What’s the first prayer you ever remember praying? Was it “Now I lay me down to sleep…?” Or was it, “Our Father, who art in heaven…?” As you grew older, did your prayers change? “Please give me lots of friends… Please let this boy (or this girl) like me… Please help me pass this test… or get this job. I don’t know about you, but most of my praying when I was young, and even later when I was not-so-young, involved me talking… and hoping God was listening. As my faith has matured, however, I’ve come to understand that God is always listening, and always responding, though that response may manifest itself in unexpected ways. My biggest challenge is to stop talking long enough to hear what it is that God is trying to get through my thick skull.

Prayer, I think, is as much about listening as it is talking. King Solomon must have been a pretty busy guy: gadding about his kingdom keeping the peace, administering justice, raising revenue, offering sacrifices… all that stuff that kings do. But when God spoke to him in a dream, Solomon took time first to listen—and then to discern the significance of what was being offered—before answering. The Bible scholars among us might note that in this morning’s reading from Hebrew Scripture, we seem to have skipped a large bit of text right in the middle (1 Kings 2:12—3:3). You can go back and read it if you want, but here’s the “Cliff’s Notes” version of what we missed: the transition of power from King David to his son Solomon hadn’t gone all that smoothly. Oh, Solomon was in control of the kingdom all right, but he’d had to kill and exile a number of his father’s former cronies in order to consolidate his position. And it was probably eating him up. Tradition holds that Solomon was only twelve years old when he became King, and the politics and infighting between the old guard and the new were probably pretty intense. He had a lot on his plate. And yet… when God spoke, Solomon listened. Well, of course he did, you might say. It was God speaking, after all. But wait… this was not God speaking with the voice of thunder from the peak of Mount Sinai… this was not God speaking through the mighty words and signs of a prophet or angel. This was more conversational… almost a whisper, really: “Ask what I should give you” (v. 3:5). And Solomon was listening. And having a pretty good sense of his own limitations, and wanting to please God above all else, Solomon responded: “[Y]ou have made your servant king in place of my father David, although I am only a little child; I do not know how to go out or come in. Give your servant therefore an understanding mind . . . able to discern between good and evil” (vv. 3:7-9). Solomon listened and gave in to God’s will for his life. Solomon wished to be transformed, through wisdom, into the king he needed to become. And God gave Solomon all that he asked for, and more. Truly, there would never be another king like Solomon.

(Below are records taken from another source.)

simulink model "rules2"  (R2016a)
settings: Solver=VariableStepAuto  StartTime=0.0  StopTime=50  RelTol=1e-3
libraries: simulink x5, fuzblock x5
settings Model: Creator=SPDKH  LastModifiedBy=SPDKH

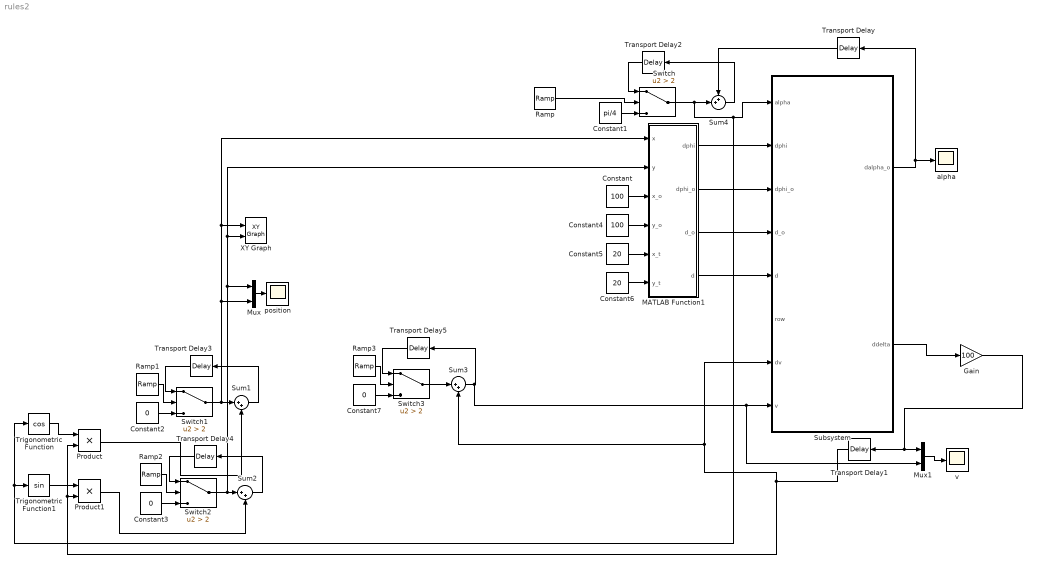
== system rules2 ==
  Constant : Constant  Value=100
  Constant1 : Constant  Value=pi/4
  Constant2 : Constant  Value=0
  Constant3 : Constant  Value=0
  Constant4 : Constant  Value=100
  Constant5 : Constant  Value=20
  Constant6 : Constant  Value=20
  Constant7 : Constant  Value=0
  Gain : Gain  Gain=100
  MATLAB Function1 : MATLAB Function  TreatAsAtomicUnit=on
  Mux : Mux  Inputs=2
  Mux1 : Mux  Inputs=2
  Product : Product
  Product1 : Product
  Ramp{,1..3} (4 alike) : simulink/Sources/Ramp  slope=1  start=0  X0=0
  Subsystem : Subsystem
  Sum1 : Sum  Inputs=|++
  Sum2 : Sum  Inputs=|++
  Sum3 : Sum  Inputs=|++
  Sum4 : Sum  Inputs=++|
  Switch{,1..3} (4 alike) : Switch  Criteria=u2 > Threshold  Threshold=2
  Transport Delay : TransportDelay  DelayTime=0.001  TransDelayFeedthrough=on
  Transport Delay{1,3..5} (4 alike) : TransportDelay
  Transport Delay2 : TransportDelay  TransDelayFeedthrough=on
  Trigonometric Function : Trigonometry  Operator=cos
  Trigonometric Function1 : Trigonometry
  XY Graph : simulink/Sinks/XY Graph  xmin=-10  xmax=100  ymin=-10  ymax=100  st=-1
  alpha : Scope
  position : Scope
  v : Scope
  wires:
  Subsystem/1("dalpha_o ") -> alpha/1, Transport Delay/1
  MATLAB Function1/4(d) -> Subsystem/5(d)
  MATLAB Function1/3(d_o) -> Subsystem/4(d_o)
  MATLAB Function1/2(dphi_o) -> Subsystem/3("dphi_o ")
  MATLAB Function1/1(dphi) -> Subsystem/2("dphi ")
  Constant1/1 -> Switch/3
  Ramp/1 -> Switch/2
  Constant2/1 -> Switch1/3
  Transport Delay3/1 -> Switch1/1
  Ramp1/1 -> Switch1/2
  Switch1/1 -> Mux/2, XY Graph/1, MATLAB Function1/1(x), Sum1/1
  Sum1/1 -> Transport Delay3/1
  Constant3/1 -> Switch2/3
  Transport Delay4/1 -> Switch2/1
  Ramp2/1 -> Switch2/2
  Sum2/1 -> Transport Delay4/1
  Constant/1 -> MATLAB Function1/3(x_o)
  Constant4/1 -> MATLAB Function1/4(y_o)
  Constant5/1 -> MATLAB Function1/5(x_t)
  Constant6/1 -> MATLAB Function1/6(y_t)
  Mux/1 -> position/1
  Constant7/1 -> Switch3/3
  Transport Delay5/1 -> Switch3/1
  Ramp3/1 -> Switch3/2
  Sum3/1 -> Mux1/2, Subsystem/8(v), Transport Delay5/1
  Switch3/1 -> Sum3/1
  Mux1/1 -> v/1
  Transport Delay/1 -> Sum4/1
  Transport Delay2/1 -> Switch/1
  Sum4/1 -> Transport Delay2/1
  Switch2/1 -> Mux/1, XY Graph/2, MATLAB Function1/2(y), Sum2/1
  Subsystem/2(ddelta) -> Gain/1
  Gain/1 -> Transport Delay1/1, Mux1/1
  Trigonometric Function/1 -> Product/1
  Trigonometric Function1/1 -> Product1/1
  Switch/1 -> Trigonometric Function/1, Trigonometric Function1/1, Subsystem/1(alpha), Sum4/2
  Product/1 -> Sum1/2
  Product1/1 -> Sum2/2
  Transport Delay1/1 -> Product1/2, Product/2, Sum3/2, Subsystem/7(dv)

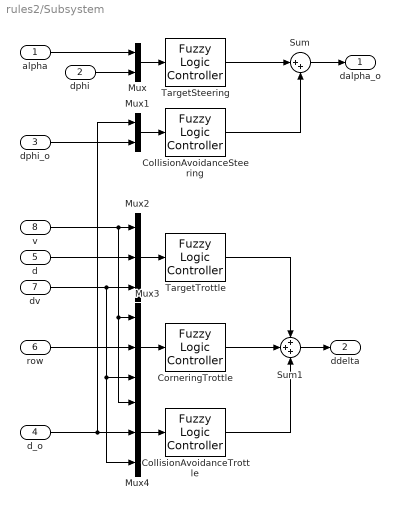
== system rules2/Subsystem ==
  alpha : Inport
  "dphi " : Inport  Port=2
  "dphi_o " : Inport  Port=3
  d_o : Inport  Port=4
  d : Inport  Port=5
  row : Inport  Port=6
  dv : Inport  Port=7
  v : Inport  Port=8
  "CollisionAvoidanceSteering " : fuzblock/Fuzzy Logic  Controller  fis=['CollisionAvoidanceSteering.fis']
  "CollisionAvoidanceTrottle " : fuzblock/Fuzzy Logic  Controller  fis=['CollisionAvoidanceThrottle.fis']
  "CorneringTrottle " : fuzblock/Fuzzy Logic  Controller  fis=['CorneringTrottle.fis']
  Mux : Mux  Inputs=2
  Mux1 : Mux  Inputs=2
  Mux2 : Mux  Inputs=3
  Mux3 : Mux  Inputs=3
  Mux4 : Mux  Inputs=3
  Sum : Sum  Inputs=|++
  Sum1 : Sum  Inputs=+++
  TargetSteering : fuzblock/Fuzzy Logic  Controller  fis=['TargetSteering2.fis']
  TargetTrottle : fuzblock/Fuzzy Logic  Controller  fis=['TargetTrottle.fis']
  "dalpha_o " : Outport
  ddelta : Outport  Port=2
  wires:
  TargetTrottle/1 -> Sum1/1
  "CorneringTrottle "/1 -> Sum1/2
  "CollisionAvoidanceTrottle "/1 -> Sum1/3
  TargetSteering/1 -> Sum/1
  "CollisionAvoidanceSteering "/1 -> Sum/2
  Mux/1 -> TargetSteering/1
  Mux1/1 -> "CollisionAvoidanceSteering "/1
  Mux2/1 -> TargetTrottle/1
  Mux3/1 -> "CorneringTrottle "/1
  Mux4/1 -> "CollisionAvoidanceTrottle "/1
  v/1 -> Mux4/1, Mux3/1, Mux2/1
  d/1 -> Mux2/2
  dv/1 -> Mux4/3, Mux3/3, Mux2/3
  row/1 -> Mux3/2
  d_o/1 -> Mux1/1, Mux4/2
  alpha/1 -> Mux/1
  "dphi "/1 -> Mux/2
  "dphi_o "/1 -> Mux1/2
  Sum/1 -> "dalpha_o "/1
  Sum1/1 -> ddelta/1

== matlab function rules2/MATLAB Function1 ==
  data: dphi output; dphi_o output; d_o output; x input; d output; y input; x_o input; y_o input; x_t input; y_t input
function [dphi,dphi_o,d_o,d] = fcn(x,y,x_o,y_o,x_t,y_t)

 if ((x_t-x) < 0)
     dphi = atan ((y_t-y)/(x_t-x))+pi;
 else 
    dphi = atan ((y_t-y)/(x_t-x));
 end
 
 if ((x_o-x) < 0)
     dphi_o = atan ((y_o-y)/(x_o-x));+pi;
 else 
    dphi_o = atan ((y_o-y)/(x_o-x));
 end


d_o = norm([(x_o-x),(y_o-y)]);
d = norm([(x_t-x),(y_t-y)]);

Some of y’all may be aware that our denomination, the Episcopal Church, claims its own martyr. Of course, there are many well-known Christian martyrs from the time of the early and reformation-era church, both Roman Catholic and Protestant, and the stories of twentieth-century martyrs such as Dietrich Bonhoeffer and Martin Luther King are similarly well documented. But the only martyr specifically tied to the Episcopal Church is Jonathan Myrick Daniels. Daniels was an Episcopal seminarian killed in the service of Christ about two-hundred miles from here, fifty-six years ago this coming Friday (20AUG). Yesterday was his feast day. Jon was born in 1939, and raised Congregationalist, before joining the Episcopal Church during his high school years. And, incidentally, he worshipped at St. James’ Episcopal Church in Keene, New Hampshire. How about that? He thought about becoming a priest when he was young, but nothing ever came of it. He also considered a career in the military, and attended Virginia Military Institute (VMI), where he was elected Valedictorian of his graduating class in 1961. Like many young people, he often struggled with his faith. But God works in mysterious ways and, wouldn’t you know it, Jon decided not to join the military after all, electing instead to study English literature at Harvard. The following spring, he had a “conversion experience” during Easter services at Church of the Advent in Boston (1962) and ended up switching to Episcopal Theological Seminary (ETS) in the fall of 1963, expecting to be ordained as an Episcopal Priest after graduation in the spring of 1966.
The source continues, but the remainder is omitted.